> **Work required**:
The line with "-> Distillate/2, Scope1/1" marks the first line to copy, and the line with "U2 : Inport" marks the last. Transcribe that stretch of the data below exactly, without pictures.

Top of Provided material

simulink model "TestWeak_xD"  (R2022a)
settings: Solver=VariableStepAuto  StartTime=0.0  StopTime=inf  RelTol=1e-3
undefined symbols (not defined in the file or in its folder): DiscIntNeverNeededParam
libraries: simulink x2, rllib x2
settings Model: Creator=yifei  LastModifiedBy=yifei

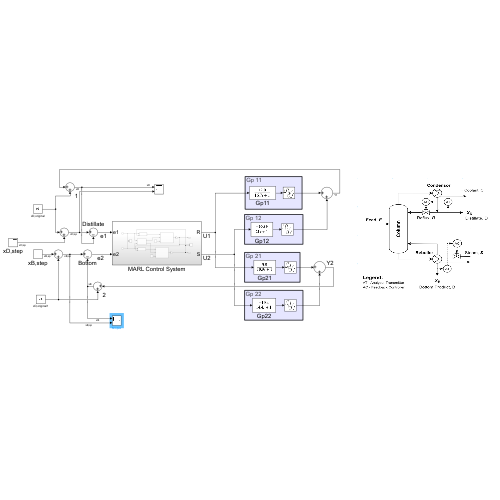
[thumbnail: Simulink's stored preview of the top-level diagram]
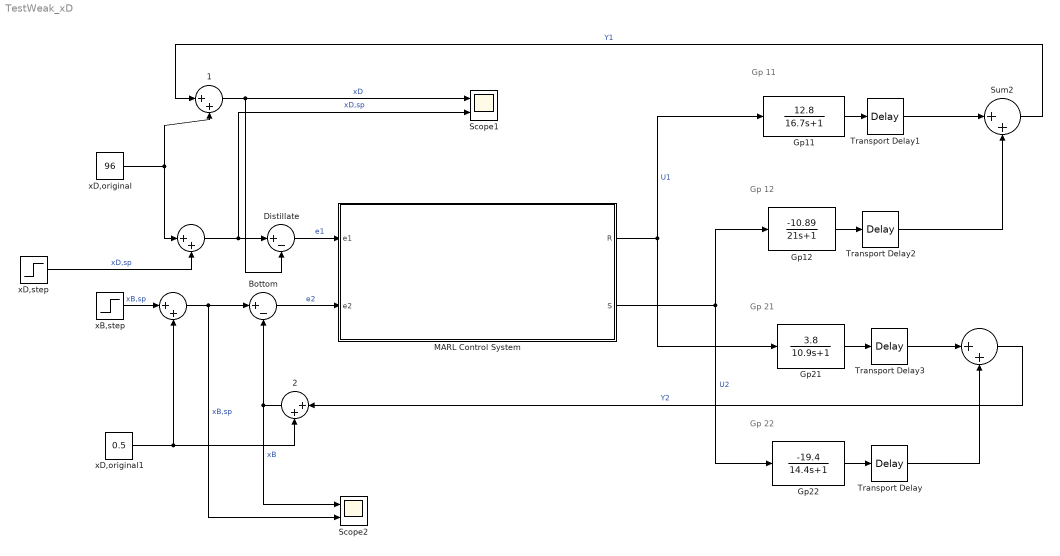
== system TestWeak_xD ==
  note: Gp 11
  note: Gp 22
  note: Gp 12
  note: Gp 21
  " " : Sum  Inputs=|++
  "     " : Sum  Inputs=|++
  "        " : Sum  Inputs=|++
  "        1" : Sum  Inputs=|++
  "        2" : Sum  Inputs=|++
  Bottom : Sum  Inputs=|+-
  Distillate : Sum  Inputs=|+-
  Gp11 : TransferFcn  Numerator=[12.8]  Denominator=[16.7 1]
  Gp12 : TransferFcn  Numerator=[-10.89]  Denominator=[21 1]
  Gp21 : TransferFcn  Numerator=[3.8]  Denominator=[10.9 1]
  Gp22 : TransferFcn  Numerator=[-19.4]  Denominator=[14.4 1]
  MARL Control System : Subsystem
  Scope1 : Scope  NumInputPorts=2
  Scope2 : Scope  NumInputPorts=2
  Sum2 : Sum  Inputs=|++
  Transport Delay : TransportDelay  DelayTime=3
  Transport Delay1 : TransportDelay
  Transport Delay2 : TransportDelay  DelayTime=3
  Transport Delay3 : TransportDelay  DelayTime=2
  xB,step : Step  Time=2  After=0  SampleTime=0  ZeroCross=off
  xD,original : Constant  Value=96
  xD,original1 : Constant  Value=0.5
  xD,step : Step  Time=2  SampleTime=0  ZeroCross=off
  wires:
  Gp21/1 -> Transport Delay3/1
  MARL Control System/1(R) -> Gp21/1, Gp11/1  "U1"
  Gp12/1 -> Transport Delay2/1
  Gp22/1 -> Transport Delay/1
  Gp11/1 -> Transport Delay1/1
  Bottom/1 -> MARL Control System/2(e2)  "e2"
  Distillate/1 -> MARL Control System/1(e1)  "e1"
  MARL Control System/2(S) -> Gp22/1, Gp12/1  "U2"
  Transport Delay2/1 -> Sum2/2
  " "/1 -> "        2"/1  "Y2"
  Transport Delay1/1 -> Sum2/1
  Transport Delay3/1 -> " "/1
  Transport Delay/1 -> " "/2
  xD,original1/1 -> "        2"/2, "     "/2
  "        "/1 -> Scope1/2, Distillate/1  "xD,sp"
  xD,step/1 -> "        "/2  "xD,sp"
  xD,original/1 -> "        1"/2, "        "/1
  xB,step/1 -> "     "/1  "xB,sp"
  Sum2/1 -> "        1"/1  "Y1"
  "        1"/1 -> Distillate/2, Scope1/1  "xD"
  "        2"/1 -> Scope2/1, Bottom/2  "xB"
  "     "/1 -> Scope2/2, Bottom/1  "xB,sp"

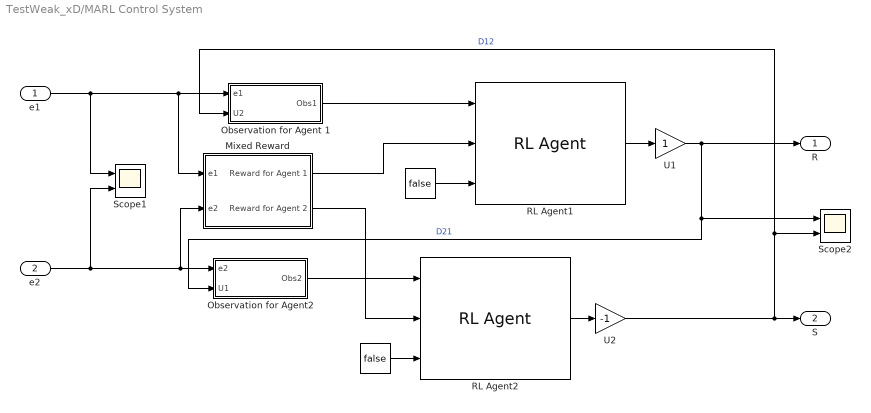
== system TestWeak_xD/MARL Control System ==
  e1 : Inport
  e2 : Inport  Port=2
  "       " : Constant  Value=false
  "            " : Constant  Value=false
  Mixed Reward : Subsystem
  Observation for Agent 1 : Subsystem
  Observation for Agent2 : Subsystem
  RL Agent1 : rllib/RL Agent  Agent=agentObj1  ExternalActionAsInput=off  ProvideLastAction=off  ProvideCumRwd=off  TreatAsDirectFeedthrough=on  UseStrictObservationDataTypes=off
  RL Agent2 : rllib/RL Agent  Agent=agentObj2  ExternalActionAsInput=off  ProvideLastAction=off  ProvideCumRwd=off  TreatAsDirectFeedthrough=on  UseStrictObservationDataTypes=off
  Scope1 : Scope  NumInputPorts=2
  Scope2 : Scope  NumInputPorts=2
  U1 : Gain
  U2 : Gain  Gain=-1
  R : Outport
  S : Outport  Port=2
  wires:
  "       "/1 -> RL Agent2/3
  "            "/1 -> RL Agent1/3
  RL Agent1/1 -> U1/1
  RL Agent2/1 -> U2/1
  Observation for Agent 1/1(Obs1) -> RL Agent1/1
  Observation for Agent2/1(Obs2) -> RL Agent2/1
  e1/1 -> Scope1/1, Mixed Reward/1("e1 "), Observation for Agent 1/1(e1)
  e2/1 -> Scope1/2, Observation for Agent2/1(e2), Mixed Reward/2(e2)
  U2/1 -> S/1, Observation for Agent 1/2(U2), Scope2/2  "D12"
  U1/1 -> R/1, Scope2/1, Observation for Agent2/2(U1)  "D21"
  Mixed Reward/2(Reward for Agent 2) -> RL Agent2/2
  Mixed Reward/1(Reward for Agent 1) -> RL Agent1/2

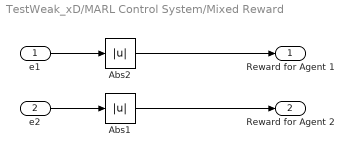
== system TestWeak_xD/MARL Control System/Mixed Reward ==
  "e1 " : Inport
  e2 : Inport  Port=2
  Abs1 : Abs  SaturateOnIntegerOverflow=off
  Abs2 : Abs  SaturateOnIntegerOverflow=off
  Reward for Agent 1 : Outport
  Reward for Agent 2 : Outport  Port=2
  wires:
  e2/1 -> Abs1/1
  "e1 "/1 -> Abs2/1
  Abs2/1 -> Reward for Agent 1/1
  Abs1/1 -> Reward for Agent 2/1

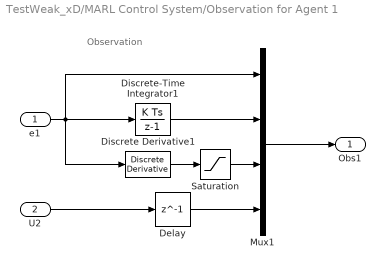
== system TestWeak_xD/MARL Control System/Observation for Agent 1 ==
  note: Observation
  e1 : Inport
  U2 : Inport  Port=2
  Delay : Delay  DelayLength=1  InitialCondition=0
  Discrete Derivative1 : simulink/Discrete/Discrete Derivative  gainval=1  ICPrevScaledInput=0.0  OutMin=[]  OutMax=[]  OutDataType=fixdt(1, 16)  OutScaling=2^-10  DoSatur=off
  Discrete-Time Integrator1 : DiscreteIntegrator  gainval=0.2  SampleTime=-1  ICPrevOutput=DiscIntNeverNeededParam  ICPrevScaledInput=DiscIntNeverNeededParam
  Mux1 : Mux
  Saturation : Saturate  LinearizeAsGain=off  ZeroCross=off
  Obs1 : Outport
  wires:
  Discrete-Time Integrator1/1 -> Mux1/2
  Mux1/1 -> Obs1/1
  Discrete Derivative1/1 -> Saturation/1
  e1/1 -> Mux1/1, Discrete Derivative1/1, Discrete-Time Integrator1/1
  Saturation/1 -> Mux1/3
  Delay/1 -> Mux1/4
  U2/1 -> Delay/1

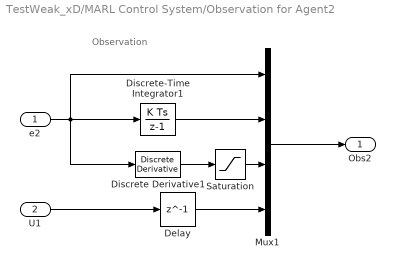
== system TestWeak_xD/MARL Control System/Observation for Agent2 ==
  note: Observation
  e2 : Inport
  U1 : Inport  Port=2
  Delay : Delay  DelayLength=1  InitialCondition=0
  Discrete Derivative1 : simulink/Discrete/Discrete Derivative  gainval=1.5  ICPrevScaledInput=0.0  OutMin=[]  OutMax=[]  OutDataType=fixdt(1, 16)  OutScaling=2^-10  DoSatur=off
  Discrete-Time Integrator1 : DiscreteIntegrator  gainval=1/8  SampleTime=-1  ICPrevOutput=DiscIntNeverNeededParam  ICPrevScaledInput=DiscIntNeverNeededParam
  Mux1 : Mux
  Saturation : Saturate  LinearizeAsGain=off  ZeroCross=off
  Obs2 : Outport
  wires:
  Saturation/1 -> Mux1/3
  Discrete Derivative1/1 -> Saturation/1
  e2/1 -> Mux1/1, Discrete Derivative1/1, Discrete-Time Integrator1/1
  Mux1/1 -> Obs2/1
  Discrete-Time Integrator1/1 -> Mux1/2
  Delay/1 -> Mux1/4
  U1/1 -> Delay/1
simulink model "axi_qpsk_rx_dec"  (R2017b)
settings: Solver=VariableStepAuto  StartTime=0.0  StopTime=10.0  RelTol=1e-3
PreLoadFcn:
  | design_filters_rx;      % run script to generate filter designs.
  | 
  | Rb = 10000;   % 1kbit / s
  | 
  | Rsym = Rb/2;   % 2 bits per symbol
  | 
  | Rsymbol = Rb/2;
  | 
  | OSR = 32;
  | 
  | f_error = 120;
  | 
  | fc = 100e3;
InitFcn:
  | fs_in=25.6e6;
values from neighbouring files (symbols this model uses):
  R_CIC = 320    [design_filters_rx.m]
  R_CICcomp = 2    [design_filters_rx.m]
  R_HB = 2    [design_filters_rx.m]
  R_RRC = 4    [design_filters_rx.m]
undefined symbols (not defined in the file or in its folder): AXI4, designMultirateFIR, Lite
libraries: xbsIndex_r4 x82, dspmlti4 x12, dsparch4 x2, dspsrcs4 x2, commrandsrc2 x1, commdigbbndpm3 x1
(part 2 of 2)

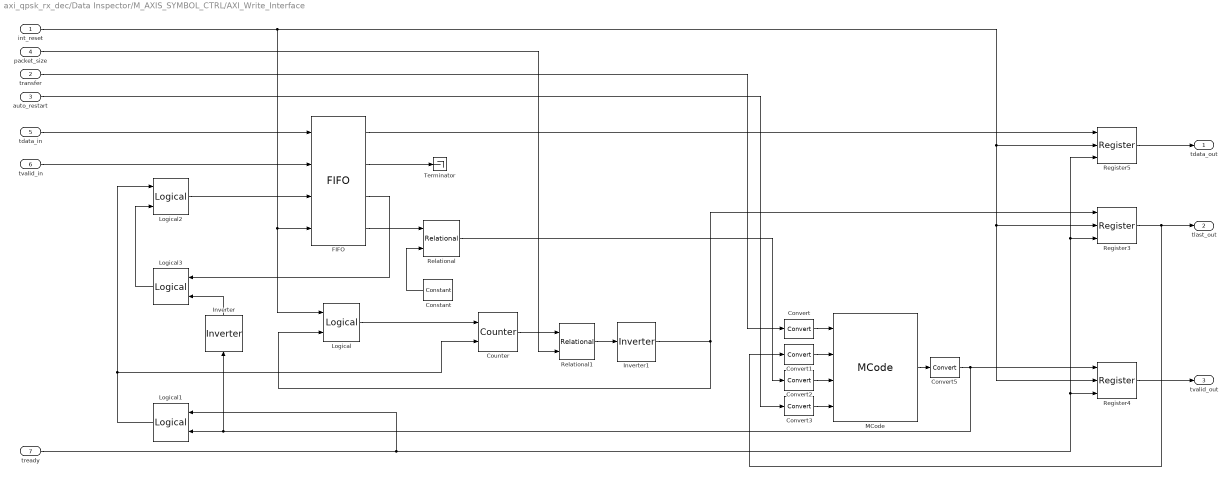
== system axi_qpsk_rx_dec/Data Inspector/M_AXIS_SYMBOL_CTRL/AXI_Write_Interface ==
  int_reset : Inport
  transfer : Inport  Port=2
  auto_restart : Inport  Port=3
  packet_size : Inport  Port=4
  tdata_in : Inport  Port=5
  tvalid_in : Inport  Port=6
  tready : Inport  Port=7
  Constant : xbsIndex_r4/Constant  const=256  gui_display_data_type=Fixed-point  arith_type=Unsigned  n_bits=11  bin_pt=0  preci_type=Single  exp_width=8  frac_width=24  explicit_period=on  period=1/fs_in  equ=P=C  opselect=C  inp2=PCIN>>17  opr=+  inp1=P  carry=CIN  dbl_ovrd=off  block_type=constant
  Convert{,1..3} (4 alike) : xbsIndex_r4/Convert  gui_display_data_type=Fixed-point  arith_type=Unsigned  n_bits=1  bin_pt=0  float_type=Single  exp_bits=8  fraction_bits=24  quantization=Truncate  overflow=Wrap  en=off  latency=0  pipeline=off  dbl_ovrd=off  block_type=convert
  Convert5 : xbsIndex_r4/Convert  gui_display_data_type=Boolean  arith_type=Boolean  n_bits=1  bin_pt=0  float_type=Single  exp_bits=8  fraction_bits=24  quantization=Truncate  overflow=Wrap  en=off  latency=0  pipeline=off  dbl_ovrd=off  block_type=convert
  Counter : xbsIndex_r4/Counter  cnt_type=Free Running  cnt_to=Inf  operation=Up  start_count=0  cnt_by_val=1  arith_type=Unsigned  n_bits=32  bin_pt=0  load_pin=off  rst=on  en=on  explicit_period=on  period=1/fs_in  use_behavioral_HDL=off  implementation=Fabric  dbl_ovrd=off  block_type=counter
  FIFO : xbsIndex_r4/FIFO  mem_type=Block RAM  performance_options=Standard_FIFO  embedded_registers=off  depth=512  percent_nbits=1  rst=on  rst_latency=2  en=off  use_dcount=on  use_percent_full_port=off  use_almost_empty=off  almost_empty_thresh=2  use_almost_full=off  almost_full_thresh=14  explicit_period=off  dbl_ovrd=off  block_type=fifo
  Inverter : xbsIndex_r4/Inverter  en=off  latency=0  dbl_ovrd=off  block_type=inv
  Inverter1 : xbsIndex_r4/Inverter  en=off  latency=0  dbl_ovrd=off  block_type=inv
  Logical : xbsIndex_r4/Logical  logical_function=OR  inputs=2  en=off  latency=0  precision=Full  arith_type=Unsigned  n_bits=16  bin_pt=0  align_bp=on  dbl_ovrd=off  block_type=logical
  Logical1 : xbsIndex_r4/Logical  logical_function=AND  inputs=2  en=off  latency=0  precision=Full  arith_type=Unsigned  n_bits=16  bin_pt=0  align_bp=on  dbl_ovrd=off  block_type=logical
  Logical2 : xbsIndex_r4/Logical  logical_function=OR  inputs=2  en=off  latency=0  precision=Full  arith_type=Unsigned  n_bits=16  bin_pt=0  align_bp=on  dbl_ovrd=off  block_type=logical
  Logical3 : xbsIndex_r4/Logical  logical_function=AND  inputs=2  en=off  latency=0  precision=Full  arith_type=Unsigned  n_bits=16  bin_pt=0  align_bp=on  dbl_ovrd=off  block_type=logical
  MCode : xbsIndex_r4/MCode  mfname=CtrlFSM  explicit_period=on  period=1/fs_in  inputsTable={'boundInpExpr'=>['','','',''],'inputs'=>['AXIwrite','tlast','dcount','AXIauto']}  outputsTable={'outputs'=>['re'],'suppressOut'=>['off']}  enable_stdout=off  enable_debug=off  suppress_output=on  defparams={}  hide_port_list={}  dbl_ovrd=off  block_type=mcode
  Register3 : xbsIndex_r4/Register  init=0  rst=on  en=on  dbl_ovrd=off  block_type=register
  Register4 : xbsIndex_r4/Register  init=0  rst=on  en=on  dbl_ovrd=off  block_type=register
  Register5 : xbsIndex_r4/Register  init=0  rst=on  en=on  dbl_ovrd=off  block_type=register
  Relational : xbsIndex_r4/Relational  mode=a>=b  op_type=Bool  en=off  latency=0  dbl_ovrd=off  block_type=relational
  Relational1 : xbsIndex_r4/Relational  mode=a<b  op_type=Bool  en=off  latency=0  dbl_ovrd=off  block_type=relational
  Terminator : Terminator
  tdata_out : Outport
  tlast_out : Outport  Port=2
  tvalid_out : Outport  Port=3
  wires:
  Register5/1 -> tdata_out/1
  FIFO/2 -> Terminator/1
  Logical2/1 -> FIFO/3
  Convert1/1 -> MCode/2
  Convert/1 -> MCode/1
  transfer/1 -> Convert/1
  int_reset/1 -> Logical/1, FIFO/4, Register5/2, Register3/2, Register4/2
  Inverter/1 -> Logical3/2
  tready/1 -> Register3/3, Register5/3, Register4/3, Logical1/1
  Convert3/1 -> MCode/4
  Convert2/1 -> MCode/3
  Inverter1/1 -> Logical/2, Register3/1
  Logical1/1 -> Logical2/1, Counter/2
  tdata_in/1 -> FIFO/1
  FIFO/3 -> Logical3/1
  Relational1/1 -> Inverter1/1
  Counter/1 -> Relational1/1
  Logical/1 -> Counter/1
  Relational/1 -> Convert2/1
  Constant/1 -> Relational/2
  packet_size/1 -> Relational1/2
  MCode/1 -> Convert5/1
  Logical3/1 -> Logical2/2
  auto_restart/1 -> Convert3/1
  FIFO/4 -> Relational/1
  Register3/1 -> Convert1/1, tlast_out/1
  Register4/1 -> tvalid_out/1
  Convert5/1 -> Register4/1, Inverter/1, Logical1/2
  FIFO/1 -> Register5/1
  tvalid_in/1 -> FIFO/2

Bottom of Provided material

> **Your response**:
  "        1"/1 -> Distillate/2, Scope1/1  "xD"
  "        2"/1 -> Scope2/1, Bottom/2  "xB"
  "     "/1 -> Scope2/2, Bottom/1  "xB,sp"

== system TestWeak_xD/MARL Control System ==
  e1 : Inport
  e2 : Inport  Port=2
  "       " : Constant  Value=false
  "            " : Constant  Value=false
  Mixed Reward : Subsystem
  Observation for Agent 1 : Subsystem
  Observation for Agent2 : Subsystem
  RL Agent1 : rllib/RL Agent  Agent=agentObj1  ExternalActionAsInput=off  ProvideLastAction=off  ProvideCumRwd=off  TreatAsDirectFeedthrough=on  UseStrictObservationDataTypes=off
  RL Agent2 : rllib/RL Agent  Agent=agentObj2  ExternalActionAsInput=off  ProvideLastAction=off  ProvideCumRwd=off  TreatAsDirectFeedthrough=on  UseStrictObservationDataTypes=off
  Scope1 : Scope  NumInputPorts=2
  Scope2 : Scope  NumInputPorts=2
  U1 : Gain
  U2 : Gain  Gain=-1
  R : Outport
  S : Outport  Port=2
  wires:
  "       "/1 -> RL Agent2/3
  "            "/1 -> RL Agent1/3
  RL Agent1/1 -> U1/1
  RL Agent2/1 -> U2/1
  Observation for Agent 1/1(Obs1) -> RL Agent1/1
  Observation for Agent2/1(Obs2) -> RL Agent2/1
  e1/1 -> Scope1/1, Mixed Reward/1("e1 "), Observation for Agent 1/1(e1)
  e2/1 -> Scope1/2, Observation for Agent2/1(e2), Mixed Reward/2(e2)
  U2/1 -> S/1, Observation for Agent 1/2(U2), Scope2/2  "D12"
  U1/1 -> R/1, Scope2/1, Observation for Agent2/2(U1)  "D21"
  Mixed Reward/2(Reward for Agent 2) -> RL Agent2/2
  Mixed Reward/1(Reward for Agent 1) -> RL Agent1/2

== system TestWeak_xD/MARL Control System/Mixed Reward ==
  "e1 " : Inport
  e2 : Inport  Port=2
  Abs1 : Abs  SaturateOnIntegerOverflow=off
  Abs2 : Abs  SaturateOnIntegerOverflow=off
  Reward for Agent 1 : Outport
  Reward for Agent 2 : Outport  Port=2
  wires:
  e2/1 -> Abs1/1
  "e1 "/1 -> Abs2/1
  Abs2/1 -> Reward for Agent 1/1
  Abs1/1 -> Reward for Agent 2/1

== system TestWeak_xD/MARL Control System/Observation for Agent 1 ==
  note: Observation
  e1 : Inport
  U2 : Inport  Port=2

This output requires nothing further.